I will give that water is available in finer grit and once trued is faster cutting and you can get a polish off the stone where with oil they cut slower and need a stroping on Herb's Yellowstone to achieve a fine polish. But the bottom line is; with oil I can get to a working sharpness faster and with less effort and as a bonus the chance of messing up the edge from a dished stone is greatly reduced. YMMV.


----------



## lwllms (Jun 1, 2009)

I spent years using oil stones but they eventually went out of flat and they cut slow. I switched to water stones and absolutely hated the mess. Like you, I spent more time maintaining my water stones than sharpening and that's just nuts. I tried sand paper but the inevitable dubbing made sharpening unpredictable.

Then diamond stones at a somewhat reasonable price were introduced. Very early on I bought an extra coarse stone and wore it out quickly trying to flatten the sole of my Stanley #92. Diamonds aren't forever and they're slow cutting for the respective grits. They'll wear out quickly on ferrous metals because of the style of swarf generated. That's a different topic but was a very expensive lesson for me when using a diamond grinder on tool steel.

After learning a little more about abrasives, I went back to oil stones. I bought another extra coarse diamond stone and use it only to *dress* and flatten my oil stones. Oil stones, like every other abrasive, get dull. Just like grinding wheels they need to be dressed to keep sharp abrasive exposed. This also keeps the stones dead flat if done with care. My oil stones are dressed at each use and any time the cutting action of the stone slows. Properly maintained oil stones cut as fast as water stones but are easily kept dead flat by careful dressing.

The grit size of novaculite stones is 3-5 microns or 6,000 to 8,000 grit by comparison to water stones. The difference in the various true Arkansas stones isn't in the grit size but how closely the grains were packed together by geologic forces. I don't know of a reason to go beyond 6,000 or 8,000 grit but, if you feel the need, chromium oxide or Yellow Stone will very quickly get you as fine as any water stone.


----------



## ssnvet (Jan 10, 2012)

I'm no expert….

but course india (when deeply dinged)

to Med. India

to Soft Arkansas

has done well by me over the years….

I've just used K-1 and motor oil mixed 50/50.

What's coal oil?

I really need aquire the means to grind out dings and dents more quickly.

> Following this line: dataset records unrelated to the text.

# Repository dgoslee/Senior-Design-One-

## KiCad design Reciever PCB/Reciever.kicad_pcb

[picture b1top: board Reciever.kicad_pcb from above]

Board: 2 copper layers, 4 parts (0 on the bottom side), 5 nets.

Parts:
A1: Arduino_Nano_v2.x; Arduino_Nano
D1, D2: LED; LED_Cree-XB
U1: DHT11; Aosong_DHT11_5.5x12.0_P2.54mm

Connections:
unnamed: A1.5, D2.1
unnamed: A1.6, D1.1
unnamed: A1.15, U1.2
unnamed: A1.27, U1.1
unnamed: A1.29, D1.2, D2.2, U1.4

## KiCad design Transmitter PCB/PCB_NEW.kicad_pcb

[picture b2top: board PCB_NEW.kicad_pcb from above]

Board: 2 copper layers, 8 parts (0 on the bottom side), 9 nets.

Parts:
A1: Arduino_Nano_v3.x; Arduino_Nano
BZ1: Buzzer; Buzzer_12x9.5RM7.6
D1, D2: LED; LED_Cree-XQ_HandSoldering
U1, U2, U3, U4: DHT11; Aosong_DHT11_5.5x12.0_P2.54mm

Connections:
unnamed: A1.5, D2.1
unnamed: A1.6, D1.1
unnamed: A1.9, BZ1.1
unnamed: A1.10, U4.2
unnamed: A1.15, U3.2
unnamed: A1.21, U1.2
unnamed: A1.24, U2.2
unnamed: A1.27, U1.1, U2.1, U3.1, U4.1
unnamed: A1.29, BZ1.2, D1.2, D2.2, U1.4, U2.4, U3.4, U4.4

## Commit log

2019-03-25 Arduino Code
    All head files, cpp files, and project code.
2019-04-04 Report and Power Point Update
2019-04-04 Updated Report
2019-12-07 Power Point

I've been reading about many different options, but just can't seem to find one that is affordable and well reviewed


----------



## Visions (Sep 12, 2011)

I have oil stones, from india to black Arkansas, but I don't use them as much as I used to. Just too much of a pain and too messy. Oil gets on you, touch a project and then it's a nightmare.

I have a Grizzly knock-off of the Tormek, and while I do feel it gives an awesome edge, it's too slow to set up.

I now use sandpaper on granite (or sharpening film), and I love it. No flattening, no oil, no real mess. It gets dull, I rip it off and stick down a new sheet. I have even been known to add some diamond paste to the paper too, and that works good. I have some leather strops too, and I use them when I want a super-fine edge.

However, I bought my first waterstone recently, a double-sided 1000-4000 (or maybe 6000? I'd have to look at it) and I love it! It cuts so fast! And with the set-up I have, the water is no issue, as I designed my sharpening station to contain the water I use with the film and paper. When I use it, I just keep some 220 silicon carbide paper on the granite to keep the stone flat, and that's easy to do. Just a few seconds and it's back to flat, rinsed off in the water tub and back to sharpening.

For me, I think I'll go to water stones. But I'll never get rid of the oil stones. They certainly have their place, and I use them on certain things. Especially when "breaking in" a new chisel or plane iron. I don't need to swap paper or flatten as often, and I'm usually not doing it while I'm working on a project, so contamination isn't an issue.
As well, it's hard to beat the polish of a Black Arkansas. If you get a true black Arkansas from a good source, you'll see a polish that is simply second to none.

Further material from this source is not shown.